Ok I have dealt with them before. But this one has got my goat!! My company was hired by the homeowner to drywall his basement to level 4 finish. He leaves his dad there to watch us, no big problem, until he gets out his magnifying glass and starts saying its not good. So I talk to the homeowner and he is mad, says its not good. {Ps its good just shy of level 5, it told the guys to go extra becuse he was looking so hard.} So I tell him if he sees anything after primer to call me and I will send over a guy to fix it up. He tells me his dad has drywalled a room before and knows what he is doing... holly crap a whole room!!! He must be a dam pro. Lol I tell him again to primer the room and see, and I will fix anything up. No good he is going to get another guy in to "fix" it and bill me. I say " lien" what do you guys do? Lien asap or fight with the customer?


----------



## otislilly (May 30, 2012)

I think if you made it clear the steps that would be taken to make sure he was happy, before you start working, you would have no problem.
Before I start any type work ( if contract work)I let homeowners know that there will be some temp. defects. After it is primed I will return with a 500 watt light to point any defects that can be found. I let them know how much I need down, how much when I am done, except pointing. and how much they hold for however long it takes for the painters(if not me) to get there. 

If it is T&M, hey the pickier the better, I let them go wall to wall and shine the light for me. Get that one, yep oh theres one, great. 

I like the picky ones, the calls from thier friends always start with
you did billy bobs work and he was happy, didnt think anyone could do that, we would like......

written explination of the process of job completion is essential when dealing directly with homeowners, expecially if they are strangers. If your contract says hang and finish drywall at 1444 loblolly lane. then you are opening yourself up to this kind of misunderstanding. if it says level 4 (that always kills me) exactly how many flaws is that per foot. how many/ and who decides what a minor flaw is. If they can see it it is not minor LOL(not to them )

When you said you were done and they see a single flaw, they hear alarms.you say you will come back after primer and point it up for them. they hear pay me and you will never see me again.
If they were given a contract that required signature, it should outline the steps that you are going to do, and payment schedule. how much up front, they would see that they were to give you your second payment of _______ now, and after the primer you will return for pointing, at which time the last balance of ____ is due.

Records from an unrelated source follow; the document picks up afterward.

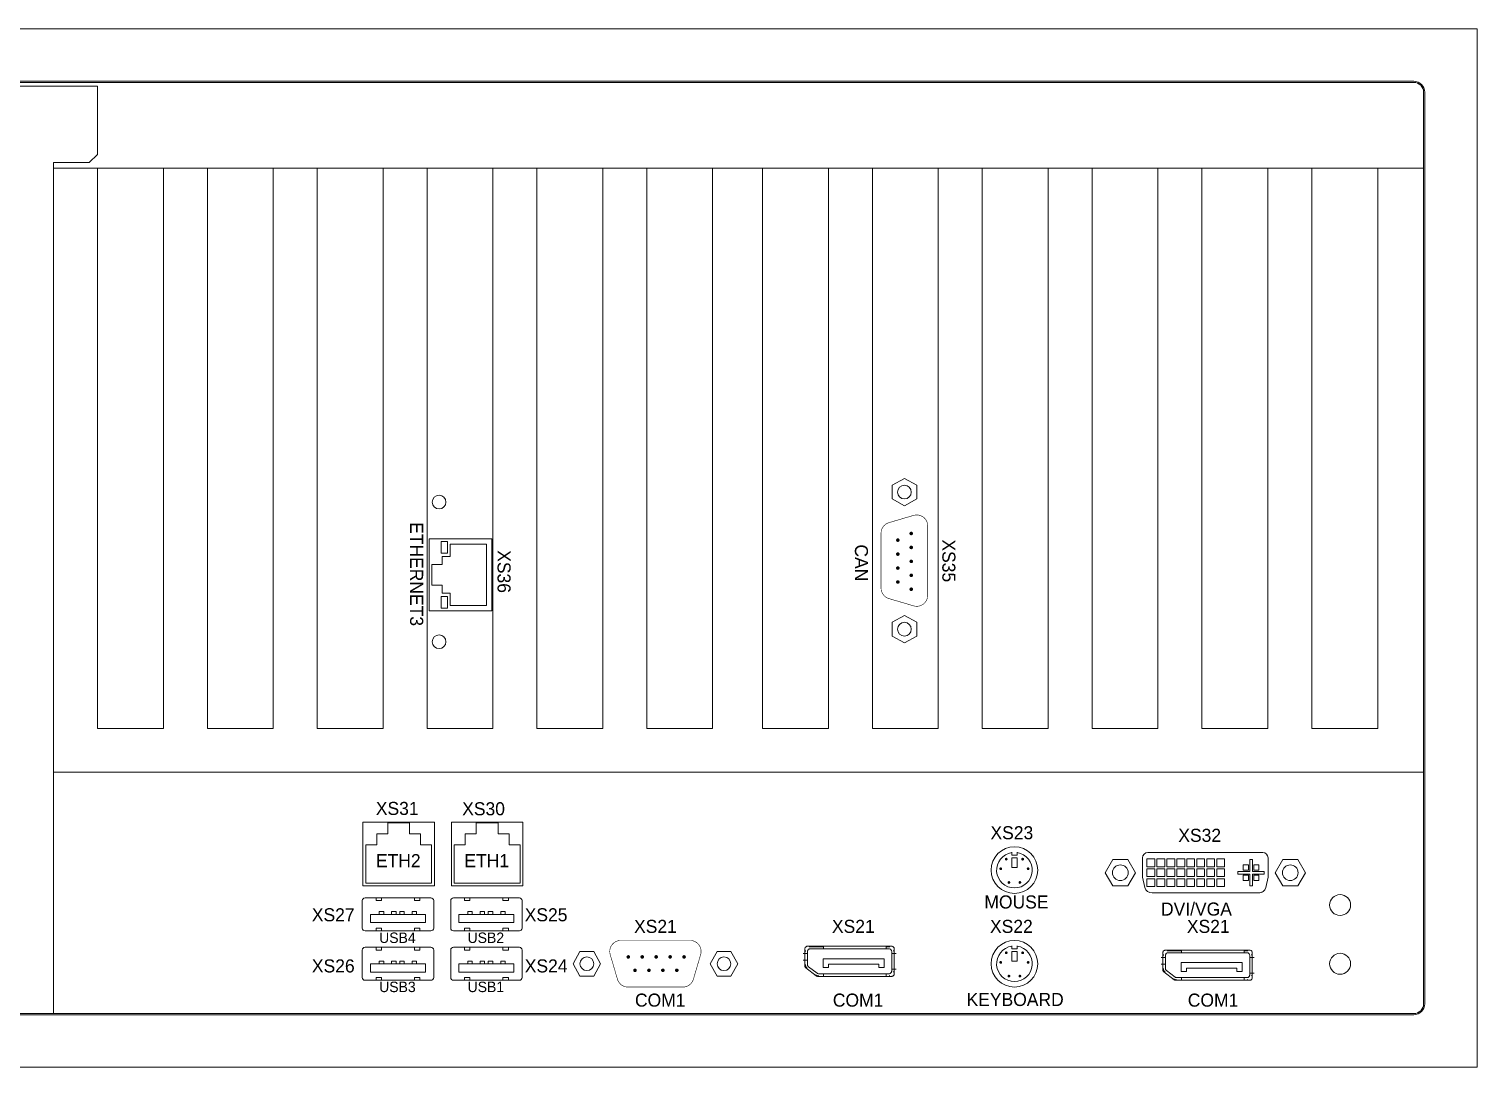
# Model space of a CAD drawing. Extents: x -2364 to 9601, y -871 to 1549.
# Drawn here: x -1607.9 to -1330.9, y 914.8 to 1113.3 of the extents above; entities that cross this region are included whole.
import ezdxf

# ---------------------------------------------------------------- set-up
doc = ezdxf.new("R2010")
doc.units = 0
doc.layers.get('0').update_dxf_attribs({"linetype": 'CONTINUOUS'})
doc.layers.add('IPC', color=150, linetype='CONTINUOUS')
doc.layers.add('NRS', color=1, linetype='CONTINUOUS')

msp = doc.modelspace()

# ---------------------------------------------------------------- linework, layer by layer
at = {"color": 7, "lineweight": 13}
for p, q in [((-1343.02752, 1103.34774), (-1790.45898, 1103.34774)), ((-1343.02752, 1103.13767), (-1790.45898, 1103.13767)), ((-1729.15086, 1102.43359), (-1594.76235, 1102.43359)), ((-1594.76235, 1089.32974), (-1594.76235, 1102.43359)), ((-1341.13697, 926.89589), (-1341.13697, 1101.24712)), ((-1340.9269, 926.89589), (-1340.9269, 1101.24712)), ((-1596.34038, 1087.79438), (-1594.76235, 1089.32974)), ((-1603.15807, 1086.70388), (-1603.15807, 1087.79438)), ((-1603.15807, 1087.79438), (-1596.34038, 1087.79438)), ((-1603.15807, 1086.70388), (-1341.13697, 1086.70388)), ((-1603.15807, 1086.70388), (-1603.15807, 979.57241)), ((-1603.15807, 1086.70388), (-1603.15807, 979.57241)), ((-1603.15807, 1086.70388), (-1603.15807, 925.00534)), ((-1594.7556, 1086.70388), (-1594.7556, 979.57241)), ((-1582.1519, 1086.70388), (-1582.1519, 979.57241)), ((-1582.1519, 1086.70388), (-1582.1519, 979.57241)), ((-1573.74943, 1086.70388), (-1573.74943, 979.57241)), ((-1561.14573, 1086.70388), (-1561.14573, 979.57241)), ((-1561.14573, 1086.70388), (-1561.14573, 979.57241)), ((-1552.74326, 1086.70388), (-1552.74326, 979.57241)), ((-1540.13956, 1086.70388), (-1540.13956, 979.57241)), ((-1540.13956, 1086.70388), (-1540.13956, 979.57241)), ((-1531.73709, 1086.70388), (-1531.73709, 979.57241)), ((-1531.73709, 1086.70388), (-1531.73709, 979.57241)), ((-1365.18501, 1086.70388), (-1524.5317, 1086.70388)), ((-1519.13338, 1086.70388), (-1519.13338, 979.57241)), ((-1519.13338, 1086.70388), (-1519.13338, 979.57241)), ((-1519.13338, 1086.70388), (-1519.13338, 979.57241)), ((-1519.13338, 1086.70388), (-1519.13338, 979.57241)), ((-1510.73091, 1086.70388), (-1510.73091, 979.57241)), ((-1498.12721, 1086.70388), (-1498.12721, 979.57241)), ((-1498.12721, 1086.70388), (-1498.12721, 979.57241)), ((-1489.72474, 1086.70388), (-1489.72474, 979.57241)), ((-1477.12104, 1086.70388), (-1477.12104, 979.57241)), ((-1477.12104, 1086.70388), (-1477.12104, 979.57241)), ((-1467.56587, 1086.70388), (-1467.56587, 979.57241)), ((-1467.56587, 1086.70388), (-1467.56587, 979.57241)), ((-1454.96216, 1086.70388), (-1454.96216, 979.57241)), ((-1454.96216, 1086.70388), (-1454.96216, 979.57241)), ((-1454.96216, 1086.70388), (-1454.96216, 979.57241)), ((-1454.96216, 1086.70388), (-1454.96216, 979.57241)), ((-1446.55969, 1086.70388), (-1446.55969, 979.57241)), ((-1446.55969, 1086.70388), (-1446.55969, 979.57241)), ((-1446.55969, 1086.70388), (-1446.55969, 979.57241)), ((-1433.95599, 1086.70388), (-1433.95599, 979.57241)), ((-1433.95599, 1086.70388), (-1433.95599, 979.57241)), ((-1433.95599, 1086.70388), (-1433.95599, 979.57241)), ((-1433.95599, 1086.70388), (-1433.95599, 979.57241)), ((-1433.95599, 1086.70388), (-1433.95599, 979.57241)), ((-1433.95599, 1086.70388), (-1433.95599, 979.57241)), ((-1425.55352, 1086.70388), (-1425.55352, 979.57241)), ((-1412.94982, 1086.70388), (-1412.94982, 979.57241)), ((-1412.94982, 1086.70388), (-1412.94982, 979.57241)), ((-1404.54735, 1086.70388), (-1404.54735, 979.57241)), ((-1391.94365, 1086.70388), (-1391.94365, 979.57241)), ((-1391.94365, 1086.70388), (-1391.94365, 979.57241)), ((-1383.54118, 1086.70388), (-1383.54118, 979.57241)), ((-1370.93748, 1086.70388), (-1370.93748, 979.57241)), ((-1362.53501, 1086.70388), (-1362.53501, 979.57241)), ((-1349.9313, 1086.70388), (-1349.9313, 979.57241)), ((-1442.80851, 1026.08376), (-1440.44792, 1027.3952)), ((-1442.80851, 1023.46089), (-1442.80851, 1026.08376)), ((-1440.44792, 1027.3952), (-1438.08733, 1026.08376)), ((-1438.08733, 1026.08376), (-1438.08733, 1023.46089)), ((-1440.44792, 1022.14945), (-1442.80851, 1023.46089)), ((-1438.08733, 1023.46089), (-1440.44792, 1022.14945)), ((-1531.34397, 1015.81904), (-1531.34397, 1002.06904)), ((-1519.34397, 1015.81904), (-1531.34397, 1015.81904)), ((-1529.04683, 1013.06904), (-1529.04683, 1015.31904)), ((-1529.04683, 1015.31904), (-1527.79683, 1015.31904)), ((-1527.79683, 1015.31904), (-1527.79683, 1013.06904)), ((-1527.34397, 1014.81904), (-1527.34397, 1012.44404)), ((-1520.34397, 1014.81904), (-1527.34397, 1014.81904)), ((-1520.34397, 1014.81904), (-1520.34397, 1003.06904)), ((-1519.34397, 1015.81904), (-1519.34397, 1002.06904)), ((-1530.84397, 1010.94404), (-1530.84397, 1006.94404)), ((-1530.84397, 1010.94404), (-1528.84397, 1010.94404)), ((-1527.79683, 1013.06904), (-1529.04683, 1013.06904)), ((-1528.84397, 1012.44404), (-1527.34397, 1012.44404)), ((-1528.84397, 1012.44404), (-1528.84397, 1010.94404)), ((-1530.84397, 1006.94404), (-1528.84397, 1006.94404)), ((-1528.84397, 1006.94404), (-1528.84397, 1005.44404)), ((-1528.84397, 1005.44404), (-1527.34397, 1005.44404)), ((-1527.34397, 1005.44404), (-1527.34397, 1003.06904)), ((-1527.79683, 1004.81904), (-1529.04683, 1004.81904)), ((-1529.04683, 1004.81904), (-1529.04683, 1002.56904)), ((-1529.04683, 1002.56904), (-1527.79683, 1002.56904)), ((-1527.79683, 1002.56904), (-1527.79683, 1004.81904)), ((-1520.34397, 1003.06904), (-1527.34397, 1003.06904)), ((-1519.34397, 1002.06904), (-1531.34397, 1002.06904)), ((-1442.80851, 999.85501), (-1440.44792, 1001.16645)), ((-1442.80851, 997.23213), (-1442.80851, 999.85501)), ((-1440.44792, 1001.16645), (-1438.08733, 999.85501)), ((-1438.08733, 999.85501), (-1438.08733, 997.23213)), ((-1440.44792, 995.9207), (-1442.80851, 997.23213)), ((-1438.08733, 997.23213), (-1440.44792, 995.9207)), ((-1582.1519, 979.57241), (-1594.7556, 979.57241)), ((-1561.14573, 979.57241), (-1573.74943, 979.57241)), ((-1540.13956, 979.57241), (-1552.74326, 979.57241)), ((-1519.13338, 979.57241), (-1531.73709, 979.57241)), ((-1519.13338, 979.57241), (-1531.73709, 979.57241)), ((-1498.12721, 979.57241), (-1510.73091, 979.57241)), ((-1477.12104, 979.57241), (-1489.72474, 979.57241)), ((-1454.96216, 979.57241), (-1467.56587, 979.57241)), ((-1433.95599, 979.57241), (-1446.55969, 979.57241)), ((-1433.95599, 979.57241), (-1446.55969, 979.57241)), ((-1412.94982, 979.57241), (-1425.55352, 979.57241)), ((-1391.94365, 979.57241), (-1404.54735, 979.57241)), ((-1370.93748, 979.57241), (-1383.54118, 979.57241)), ((-1349.9313, 979.57241), (-1362.53501, 979.57241)), ((-1341.13697, 971.16994), (-1603.15807, 971.16994)), ((-1543.99254, 961.63611), (-1543.99254, 949.44034)), ((-1543.99254, 961.63611), (-1530.33853, 961.63611)), ((-1539.26615, 961.51889), (-1535.06491, 961.51889)), ((-1539.26615, 959.41827), (-1539.26615, 961.51889)), ((-1535.06491, 961.51889), (-1535.06491, 959.41827)), ((-1530.33853, 949.44034), (-1530.33853, 961.63611)), ((-1527.08296, 961.63611), (-1527.08296, 949.44034)), ((-1527.08296, 961.63611), (-1513.42895, 961.63611)), ((-1522.35657, 959.41827), (-1522.35657, 961.51889)), ((-1522.35657, 961.51889), (-1518.15533, 961.51889)), ((-1518.15533, 961.51889), (-1518.15533, 959.41827)), ((-1513.42895, 949.44034), (-1513.42895, 961.63611)), ((-1541.36677, 957.31766), (-1541.36677, 959.41827)), ((-1541.36677, 959.41827), (-1539.26615, 959.41827)), ((-1535.06491, 959.41827), (-1532.9643, 959.41827)), ((-1532.9643, 959.41827), (-1532.9643, 957.31766)), ((-1524.45719, 959.41827), (-1522.35657, 959.41827)), ((-1524.45719, 957.31766), (-1524.45719, 959.41827)), ((-1518.15533, 959.41827), (-1516.05472, 959.41827)), ((-1516.05472, 959.41827), (-1516.05472, 957.31766)), ((-1543.46738, 949.9655), (-1543.46738, 957.31766)), ((-1543.46738, 957.31766), (-1541.36677, 957.31766)), ((-1532.9643, 957.31766), (-1530.86368, 957.31766)), ((-1530.86368, 957.31766), (-1530.86368, 949.9655)), ((-1526.5578, 957.31766), (-1524.45719, 957.31766)), ((-1526.5578, 949.9655), (-1526.5578, 957.31766)), ((-1516.05472, 957.31766), (-1513.9541, 957.31766)), ((-1513.9541, 957.31766), (-1513.9541, 949.9655)), ((-1419.92545, 955.86851), (-1419.92545, 955.34393)), ((-1418.8763, 955.34393), (-1418.8763, 955.86851)), ((-1393.89504, 955.82495), (-1371.89504, 955.82495)), ((-1419.92545, 955.34393), (-1418.8763, 955.34393)), ((-1419.92545, 952.98334), (-1419.92545, 954.81936)), ((-1419.92545, 954.81936), (-1418.8763, 954.81936)), ((-1418.8763, 952.98334), (-1419.92545, 952.98334)), ((-1418.8763, 954.81936), (-1418.8763, 952.98334)), ((-1400.58841, 954.46495), (-1402.03179, 951.96495)), ((-1397.70166, 954.46495), (-1400.58841, 954.46495)), ((-1396.25829, 951.96495), (-1397.70166, 954.46495)), ((-1394.89504, 951.10495), (-1394.89504, 954.82495)), ((-1394.05504, 953.11995), (-1394.05504, 954.61995)), ((-1394.05504, 954.61995), (-1392.55504, 954.61995)), ((-1394.05504, 953.11995), (-1392.55504, 953.11995)), ((-1394.05504, 951.21495), (-1394.05504, 952.71495)), ((-1394.05504, 952.71495), (-1392.55504, 952.71495)), ((-1392.55504, 953.11995), (-1392.55504, 954.61995)), ((-1392.55504, 951.21495), (-1392.55504, 952.71495)), ((-1392.15004, 953.11995), (-1392.15004, 954.61995)), ((-1392.15004, 954.61995), (-1390.65004, 954.61995)), ((-1392.15004, 953.11995), (-1390.65004, 953.11995)), ((-1392.15004, 952.71495), (-1390.65004, 952.71495)), ((-1392.15004, 951.21495), (-1392.15004, 952.71495)), ((-1390.65004, 953.11995), (-1390.65004, 954.61995)), ((-1390.65004, 951.21495), (-1390.65004, 952.71495)), ((-1390.24504, 953.11995), (-1390.24504, 954.61995)), ((-1390.24504, 954.61995), (-1388.74504, 954.61995)), ((-1390.24504, 953.11995), (-1388.74504, 953.11995)), ((-1390.24504, 952.71495), (-1388.74504, 952.71495)), ((-1390.24504, 951.21495), (-1390.24504, 952.71495)), ((-1388.74504, 953.11995), (-1388.74504, 954.61995)), ((-1388.74504, 951.21495), (-1388.74504, 952.71495)), ((-1388.34004, 953.11995), (-1388.34004, 954.61995)), ((-1388.34004, 954.61995), (-1386.84004, 954.61995)), ((-1388.34004, 953.11995), (-1386.84004, 953.11995)), ((-1388.34004, 952.71495), (-1386.84004, 952.71495)), ((-1388.34004, 951.21495), (-1388.34004, 952.71495)), ((-1386.84004, 953.11995), (-1386.84004, 954.61995)), ((-1386.84004, 951.21495), (-1386.84004, 952.71495)), ((-1386.43504, 953.11995), (-1386.43504, 954.61995)), ((-1386.43504, 954.61995), (-1384.93504, 954.61995)), ((-1386.43504, 953.11995), (-1384.93504, 953.11995)), ((-1386.43504, 952.71495), (-1384.93504, 952.71495)), ((-1386.43504, 951.21495), (-1386.43504, 952.71495)), ((-1384.93504, 953.11995), (-1384.93504, 954.61995)), ((-1384.93504, 951.21495), (-1384.93504, 952.71495)), ((-1384.53004, 953.11995), (-1384.53004, 954.61995)), ((-1384.53004, 954.61995), (-1383.03004, 954.61995)), ((-1384.53004, 953.11995), (-1383.03004, 953.11995)), ((-1384.53004, 952.71495), (-1383.03004, 952.71495)), ((-1384.53004, 951.21495), (-1384.53004, 952.71495)), ((-1383.03004, 953.11995), (-1383.03004, 954.61995)), ((-1383.03004, 951.21495), (-1383.03004, 952.71495)), ((-1382.62504, 953.11995), (-1382.62504, 954.61995)), ((-1382.62504, 954.61995), (-1381.12504, 954.61995)), ((-1382.62504, 953.11995), (-1381.12504, 953.11995)), ((-1382.62504, 952.71495), (-1381.12504, 952.71495)), ((-1382.62504, 951.21495), (-1382.62504, 952.71495)), ((-1381.12504, 953.11995), (-1381.12504, 954.61995)), ((-1381.12504, 951.21495), (-1381.12504, 952.71495)), ((-1380.72004, 953.11995), (-1380.72004, 954.61995)), ((-1380.72004, 954.61995), (-1379.22004, 954.61995)), ((-1380.72004, 953.11995), (-1379.22004, 953.11995)), ((-1380.72004, 952.71495), (-1379.22004, 952.71495)), ((-1380.72004, 951.21495), (-1380.72004, 952.71495)), ((-1379.22004, 953.11995), (-1379.22004, 954.61995)), ((-1379.22004, 951.21495), (-1379.22004, 952.71495)), ((-1375.64504, 952.46495), (-1375.64504, 953.46495)), ((-1375.64504, 953.46495), (-1374.64504, 953.46495)), ((-1374.64504, 952.46495), (-1374.64504, 953.46495)), ((-1374.39504, 952.21495), (-1374.39504, 954.46495)), ((-1374.39504, 954.46495), (-1373.89504, 954.46495)), ((-1373.89504, 952.21495), (-1373.89504, 954.46495)), ((-1373.64504, 952.46495), (-1373.64504, 953.46495)), ((-1373.64504, 953.46495), (-1372.64504, 953.46495)), ((-1372.64504, 952.46495), (-1372.64504, 953.46495)), ((-1370.89504, 951.10495), (-1370.89504, 954.82495)), ((-1369.53179, 951.96495), (-1368.08841, 954.46495)), ((-1368.08841, 954.46495), (-1365.20166, 954.46495)), ((-1365.20166, 954.46495), (-1363.75829, 951.96495)), ((-1530.86368, 949.9655), (-1543.46738, 949.9655)), ((-1513.9541, 949.9655), (-1526.5578, 949.9655)), ((-1402.03179, 951.96495), (-1400.58841, 949.46495)), ((-1397.70166, 949.46495), (-1396.25829, 951.96495)), ((-1394.89504, 951.10495), (-1394.48692, 949.13061)), ((-1394.05504, 951.21495), (-1392.55504, 951.21495)), ((-1394.05504, 950.80995), (-1394.05504, 949.30995)), ((-1394.05504, 950.80995), (-1392.55504, 950.80995)), ((-1392.55504, 950.80995), (-1392.55504, 949.30995)), ((-1392.15004, 951.21495), (-1390.65004, 951.21495)), ((-1392.15004, 950.80995), (-1390.65004, 950.80995)), ((-1392.15004, 950.80995), (-1392.15004, 949.30995)), ((-1390.65004, 950.80995), (-1390.65004, 949.30995)), ((-1390.24504, 951.21495), (-1388.74504, 951.21495)), ((-1390.24504, 950.80995), (-1388.74504, 950.80995)), ((-1390.24504, 950.80995), (-1390.24504, 949.30995)), ((-1388.74504, 950.80995), (-1388.74504, 949.30995)), ((-1388.34004, 951.21495), (-1386.84004, 951.21495)), ((-1388.34004, 950.80995), (-1386.84004, 950.80995)), ((-1388.34004, 950.80995), (-1388.34004, 949.30995)), ((-1386.84004, 950.80995), (-1386.84004, 949.30995)), ((-1386.43504, 951.21495), (-1384.93504, 951.21495)), ((-1386.43504, 950.80995), (-1384.93504, 950.80995)), ((-1386.43504, 950.80995), (-1386.43504, 949.30995)), ((-1384.93504, 950.80995), (-1384.93504, 949.30995)), ((-1384.53004, 951.21495), (-1383.03004, 951.21495)), ((-1384.53004, 950.80995), (-1383.03004, 950.80995)), ((-1384.53004, 950.80995), (-1384.53004, 949.30995)), ((-1383.03004, 950.80995), (-1383.03004, 949.30995)), ((-1382.62504, 951.21495), (-1381.12504, 951.21495)), ((-1382.62504, 950.80995), (-1381.12504, 950.80995)), ((-1382.62504, 950.80995), (-1382.62504, 949.30995)), ((-1381.12504, 950.80995), (-1381.12504, 949.30995)), ((-1380.72004, 951.21495), (-1379.22004, 951.21495)), ((-1380.72004, 950.80995), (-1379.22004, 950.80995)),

They would have no reason to doubt you, skipping the problem entirely.


----------



## The Coastal Craftsman (Jun 29, 2009)

Alska101 said:


> Ok I have dealt with them before. But this one has got my goat!! My company was hired by the homeowner to drywall his basement to level 4 finish. He leaves his dad there to watch us, no big problem, until he gets out his magnifying glass and starts saying its not good. So I talk to the homeowner and he is mad, says its not good. {Ps its good just shy of level 5, it told the guys to go extra becuse he was looking so hard.} So I tell him if he sees anything after primer to call me and I will send over a guy to fix it up. He tells me his dad has drywalled a room before and knows what he is doing... holly crap a whole room!!! He must be a dam pro. Lol I tell him again to primer the room and see, and I will fix anything up. No good he is going to get another guy in to "fix" it and bill me. I say " lien" what do you guys do? Lien asap or fight with the customer?



I would have said if you want it perfect then your more than welcome to pay for a level 5. These people really do my head in. They expect the cheapest price but complain so much about the stupidest things. Then they always come out with a comment like "my uncle used to do this and he said its all wrong" hoping their gonna get a even better deal than they already got.


----------



## bloop (May 17, 2012)

Customer is always right. Do what it takes to make him feel he received a quality job.


----------



## BrandConst (May 9, 2011)

Competed to industry standard doesn't mean magnified. Tell him to get real


----------



## kevjob (Aug 14, 2006)

I thought the AIA specs are viewed from 6 ft away or something like that. 

when they say My uncle used to this or that, I tell them you should have hired him. 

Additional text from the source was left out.